–
Die Multimedia-Installation Poppy – Trails of Afghan Heroin von Robert Knoth und Antoinette de Jong steht im Kontext des zum vierten Mal stattfindenden Europäischen Monats der Photographie, der unter dem Titel „distURBANces” (Städtische Störungen) das Verhältnis von Realität und Fiktion untersucht. Photographie heute ist auf der Suche nach dem zeitgenössischen Bild. Sie spürt es gleichermaßen auf in den Inszenierungen der unglaublichsten Momente der Wirklichkeit wie in den realistischsten Situationen der Fiktion.
Poppy besteht aus einer Reihe von Bildern, die in der Komplexität der Installation miteinander in Interaktion treten, sei dies als Dokumente, die aufeinander antworten oder als Bilder, die sich entsprechen. Poppy könnte auch eine schlichte Fiktion sein. Doch die Geschichte, die Robert Knoth und Antoinette de Jong erzählen, basiert im Wesentlichen auf der dokumentarischen Arbeit von Photojournalisten. Alles beginnt, wie der Titel bereits andeutet, mit dem Bild eines Mohnfeldes, dessen lebendige Schönheit eine traurige und morbide Realität verbirgt. Dieser Schlafmohn (Papaver somniferum), der angebaut wird, um zu Drogen weiter verarbeitet zu werden, bildet die Grundlage eines illegalen, in Afghanistan beheimateten Handels. Die chemischen Verarbeitungsschritte des Mohns, an deren Ende das unter dem Namen Heroin bekannte synthetische Opiat steht, ebenso wie die Etappen des illegalen Handels dieser Droge werden von den beiden Künstlern minutiös dokumentiert.
Von den lebendigen Blumenfeldern Afghanistans bis zum Straßendschungel Londons zeichnet Poppy so die internationalen Produktions- und Handelswege des Heroins durch zwölf verschiedene Länder nach und legt außerdem den Einfluss dar, den dieser Handel auf den Terrorismus und auf das organisierte Verbrechen hat.
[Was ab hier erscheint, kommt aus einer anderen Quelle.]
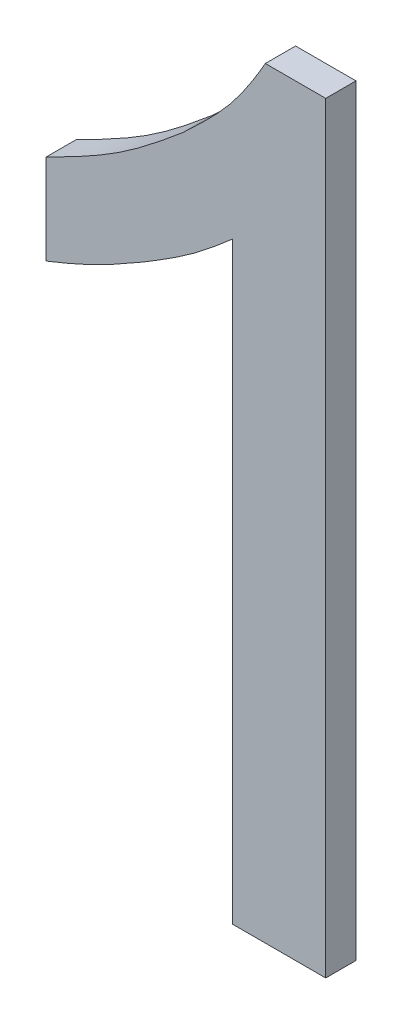
ISO-10303-21;
HEADER;
FILE_DESCRIPTION(('STEP AP214'),'2;1');
FILE_NAME('part.step','',(''),(''),'','','');
FILE_SCHEMA(('AUTOMOTIVE_DESIGN { 1 0 10303 214 1 1 1 1 }'));
ENDSEC;
DATA;
#1=APPLICATION_CONTEXT('core data for automotive mechanical design processes');
#2=APPLICATION_PROTOCOL_DEFINITION('international standard','automotive_design',2000,#1);
#3=PRODUCT_CONTEXT('',#1,'mechanical');
#4=PRODUCT('Part','Part','',(#3));
#5=PRODUCT_RELATED_PRODUCT_CATEGORY('part','',(#4));
#6=PRODUCT_DEFINITION_FORMATION('','',#4);
#7=PRODUCT_DEFINITION_CONTEXT('part definition',#1,'design');
#8=PRODUCT_DEFINITION('design','',#6,#7);
#9=PRODUCT_DEFINITION_SHAPE('','',#8);
#10=(LENGTH_UNIT() NAMED_UNIT(*) SI_UNIT(.MILLI.,.METRE.));
#11=(NAMED_UNIT(*) PLANE_ANGLE_UNIT() SI_UNIT($,.RADIAN.));
#12=(NAMED_UNIT(*) SI_UNIT($,.STERADIAN.) SOLID_ANGLE_UNIT());
#13=UNCERTAINTY_MEASURE_WITH_UNIT(LENGTH_MEASURE(1.E-05),#10,'distance_accuracy_value','');
#14=(GEOMETRIC_REPRESENTATION_CONTEXT(3) GLOBAL_UNCERTAINTY_ASSIGNED_CONTEXT((#13)) GLOBAL_UNIT_ASSIGNED_CONTEXT((#10,
#11,#12)) REPRESENTATION_CONTEXT('',''));
#15=CARTESIAN_POINT('',(0.,0.,0.));
#16=DIRECTION('',(0.,0.,1.));
#17=DIRECTION('',(1.,0.,0.));
#18=AXIS2_PLACEMENT_3D('',#15,#16,#17);
#19=CARTESIAN_POINT('',(0.257530109496,-0.00573492066018198,1.59999999404));
#20=DIRECTION('',(0.,0.,1.));
#21=DIRECTION('',(1.,0.,0.));
#22=AXIS2_PLACEMENT_3D('',#19,#20,#21);
#23=PLANE('',#22);
#24=DIRECTION('',(0.,1.,0.));
#25=VECTOR('',#24,1.);
#26=CARTESIAN_POINT('',(0.127177106589,0.06991432952927,1.59999999404));
#27=LINE('',#26,#25);
#28=CARTESIAN_POINT('',(0.127177106589,0.0401643323013601,1.59999999404));
#29=VERTEX_POINT('',#28);
#30=CARTESIAN_POINT('',(0.127177106589,0.0996643267571901,1.59999999404));
#31=VERTEX_POINT('',#30);
#32=EDGE_CURVE('E149',#29,#31,#27,.T.);
#33=ORIENTED_EDGE('',*,*,#32,.F.);
#34=CARTESIAN_POINT('',(0.191927108122,0.07201433265582,1.59999999404));
#35=CARTESIAN_POINT('',(0.189037981757389,0.0703531283240882,1.59999999404));
#36=CARTESIAN_POINT('',(0.186150230824657,0.0686890564487093,1.59999999404));
#37=CARTESIAN_POINT('',(0.180360028828748,0.0653843440244937,1.59999999404));
#38=CARTESIAN_POINT('',(0.177457572849587,0.063743712123064,1.59999999404));
#39=CARTESIAN_POINT('',(0.17162154825243,0.0605157218607356,1.59999999404));
#40=CARTESIAN_POINT('',(0.168687969139425,0.0589283822738357,1.59999999404));
#41=CARTESIAN_POINT('',(0.162773777851822,0.0558446561987143,1.59999999404));
#42=CARTESIAN_POINT('',(0.159793176037958,0.0543482500177373,1.59999999404));
#43=CARTESIAN_POINT('',(0.15194790883826,0.050576238905279,1.59999999404));
#44=CARTESIAN_POINT('',(0.147044086265544,0.0483827562362459,1.59999999404));
#45=CARTESIAN_POINT('',(0.137156294774751,0.0441674069021647,1.59999999404));
#46=CARTESIAN_POINT('',(0.132172245102012,0.0421457279290013,1.59999999404));
#47=CARTESIAN_POINT('',(0.127177106589,0.0401643323013601,1.59999999404));
#48=B_SPLINE_CURVE_WITH_KNOTS('',3,(#34,#35,#36,#37,#38,#39,#40,#41,#42,#43,#44,#45,#46,#47),
.UNSPECIFIED.,.F.,.F.,(4,2,2,2,2,2,4),(0.,0.009998401880713,0.0200004017513736,
0.0300058889569428,0.0400092015710686,0.0561204640665641,0.0722491073686261),.UNSPECIFIED.);
#49=CARTESIAN_POINT('',(0.191927108122,0.07201433265582,1.59999999404));
#50=VERTEX_POINT('',#49);
#51=EDGE_CURVE('E217',#50,#29,#48,.T.);
#52=ORIENTED_EDGE('',*,*,#51,.F.);
#53=CARTESIAN_POINT('',(0.250377092883,0.114364326466,1.59999999404));
#54=CARTESIAN_POINT('',(0.247877462528605,0.112158271338274,1.59999999404));
#55=CARTESIAN_POINT('',(0.245362228285238,0.109969073249754,1.59999999404));
#56=CARTESIAN_POINT('',(0.240285627514653,0.105645076809195,1.59999999404));
#57=CARTESIAN_POINT('',(0.237724261869121,0.103510277419342,1.59999999404));
#58=CARTESIAN_POINT('',(0.232538977207188,0.0993145435513213,1.59999999404));
#59=CARTESIAN_POINT('',(0.229915025098217,0.0972536496599814,1.59999999404));
#60=CARTESIAN_POINT('',(0.224588324278806,0.0932354952675862,1.59999999404));
#61=CARTESIAN_POINT('',(0.221885573537163,0.091278237441641,1.59999999404));
#62=CARTESIAN_POINT('',(0.214727956190148,0.0863038263891001,1.59999999404));
#63=CARTESIAN_POINT('',(0.210214451103333,0.083372261293815,1.59999999404));
#64=CARTESIAN_POINT('',(0.201105004991631,0.0776357761503081,1.59999999404));
#65=CARTESIAN_POINT('',(0.196509042816435,0.0748308892633047,1.59999999404));
#66=CARTESIAN_POINT('',(0.191927108122,0.07201433265582,1.59999999404));
#67=B_SPLINE_CURVE_WITH_KNOTS('',3,(#53,#54,#55,#56,#57,#58,#59,#60,#61,#62,#63,#64,#65,#66),
.UNSPECIFIED.,.F.,.F.,(4,2,2,2,2,2,4),(0.,0.0100024239250734,0.0200046568814001,
0.0300123011894902,0.0400202036944909,0.0561616593034526,0.0723073161405485),.UNSPECIFIED.);
#68=CARTESIAN_POINT('',(0.250377092883,0.114364326466,1.59999999404));
#69=VERTEX_POINT('',#68);
#70=EDGE_CURVE('E229',#69,#50,#67,.T.);
#71=ORIENTED_EDGE('',*,*,#70,.F.);
#72=DIRECTION('',(0.,1.,0.));
#73=VECTOR('',#72,1.);
#74=CARTESIAN_POINT('',(0.250377092883,-0.08163567162119,1.59999999404));
#75=LINE('',#74,#73);
#76=CARTESIAN_POINT('',(0.250377092883,-0.277635669708,1.59999999404));
#77=VERTEX_POINT('',#76);
#78=EDGE_CURVE('E144',#77,#69,#75,.T.);
#79=ORIENTED_EDGE('',*,*,#78,.F.);
#80=DIRECTION('',(1.,0.,0.));
#81=VECTOR('',#80,1.);
#82=CARTESIAN_POINT('',(0.281177101284,-0.277635669708,1.59999999404));
#83=LINE('',#82,#81);
#84=CARTESIAN_POINT('',(0.311977109686,-0.277635669708,1.59999999404));
#85=VERTEX_POINT('',#84);
#86=EDGE_CURVE('E139',#85,#77,#83,.F.);
#87=ORIENTED_EDGE('',*,*,#86,.F.);
#88=DIRECTION('',(0.,1.,0.));
#89=VECTOR('',#88,1.);
#90=CARTESIAN_POINT('',(0.311977109686,-0.02598566934466,1.59999999404));
#91=LINE('',#90,#89);
#92=CARTESIAN_POINT('',(0.311977109686,0.225664331019,1.59999999404));
#93=VERTEX_POINT('',#92);
#94=EDGE_CURVE('E111',#93,#85,#91,.F.);
#95=ORIENTED_EDGE('',*,*,#94,.F.);
#96=DIRECTION('',(1.,0.,0.));
#97=VECTOR('',#96,1.);
#98=CARTESIAN_POINT('',(0.292027105857,0.225664331019,1.59999999404));
#99=LINE('',#98,#97);
#100=CARTESIAN_POINT('',(0.272077102028,0.225664331019,1.59999999404));
#101=VERTEX_POINT('',#100);
#102=EDGE_CURVE('E108',#101,#93,#99,.T.);
#103=ORIENTED_EDGE('',*,*,#102,.F.);
#104=CARTESIAN_POINT('',(0.217477106489,0.158814327838,1.59999999404));
#105=CARTESIAN_POINT('',(0.22231161755112,0.163395739823721,1.59999999404));
#106=CARTESIAN_POINT('',(0.227194170282087,0.167961130491135,1.59999999404));
#107=CARTESIAN_POINT('',(0.236718864893954,0.177322702553644,1.59999999404));
#108=CARTESIAN_POINT('',(0.241361223976953,0.182118667595151,1.59999999404));
#109=CARTESIAN_POINT('',(0.248251839293686,0.190096131619496,1.59999999404));
#110=CARTESIAN_POINT('',(0.250687893478091,0.193111603042117,1.59999999404));
#111=CARTESIAN_POINT('',(0.255363932635942,0.199288724400519,1.59999999404));
#112=CARTESIAN_POINT('',(0.257603932859004,0.202450362937732,1.59999999404));
#113=CARTESIAN_POINT('',(0.261952342906826,0.208911664273875,1.59999999404));
#114=CARTESIAN_POINT('',(0.264059061643775,0.212212452298874,1.59999999404));
#115=CARTESIAN_POINT('',(0.268150530808604,0.218889446453997,1.59999999404));
#116=CARTESIAN_POINT('',(0.270135272075507,0.222265658222833,1.59999999404));
#117=CARTESIAN_POINT('',(0.272077102028,0.225664331019,1.59999999404));
#118=B_SPLINE_CURVE_WITH_KNOTS('',3,(#104,#105,#106,#107,#108,#109,#110,#111,#112,#113,#114,
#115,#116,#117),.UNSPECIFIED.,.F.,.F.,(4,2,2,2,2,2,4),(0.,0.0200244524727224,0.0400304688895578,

Indes versucht die Erzählung dieser Reise weder linear zu sein noch chronologisch, und wenn manche Abschnitte beschreibender ausfallen als andere, so fehlt es dem Ganzen nicht an eindrücklichen und metaphorischen Bildern. Die umfassende und sehr realistische photojournalistische Dokumentation, die Robert Knoth und Antoinette de Jong (beide haben zahlreiche Reportagen in Kriegsgebieten realisiert) im Verlauf vieler Jahre zusammengestellt haben, wird mit kunsthaften, abstrakten, ja sogar fiktionalen Bildern vermischt. So wird der Betrachter durch die Präsentation dieses Panoramas aus vier Projektionen in ein kaleidoskopisches Universum katapultiert, das ihn mit den unterschiedlichen Ebenen und Dimensionen dieses gesellschaftlichen und politischen Themas konfrontiert.
In einer Kombination aus Photographie, Video, Text, Stimme und auf YouTube gefundenem Archivmaterial legt die Multimedia-Installation den Finger auf die dunkle und komplexe Seite der Globalisierung und befördert so die Zusammenhänge und Konsequenzen der vom Osten in den Westen führenden Reise des Heroins ans Licht, nicht ohne auf die Konflikte, Krankheiten, Verbrechen und die extreme Armut hinzuweisen, die die betroffenen Länder heimsuchen.
Die Multimedia-Installation zeichnet sich sowohl durch die entlarvende Kraft ihrer Bilder aus wie auch durch ihre Reflexion über das Medium der Photographie selbst: sie führt vor Augen, wie diese sich anschickt, ihre Zweidimensionalität zu verlassen, um sich um neue Dimensionen zu erweitern.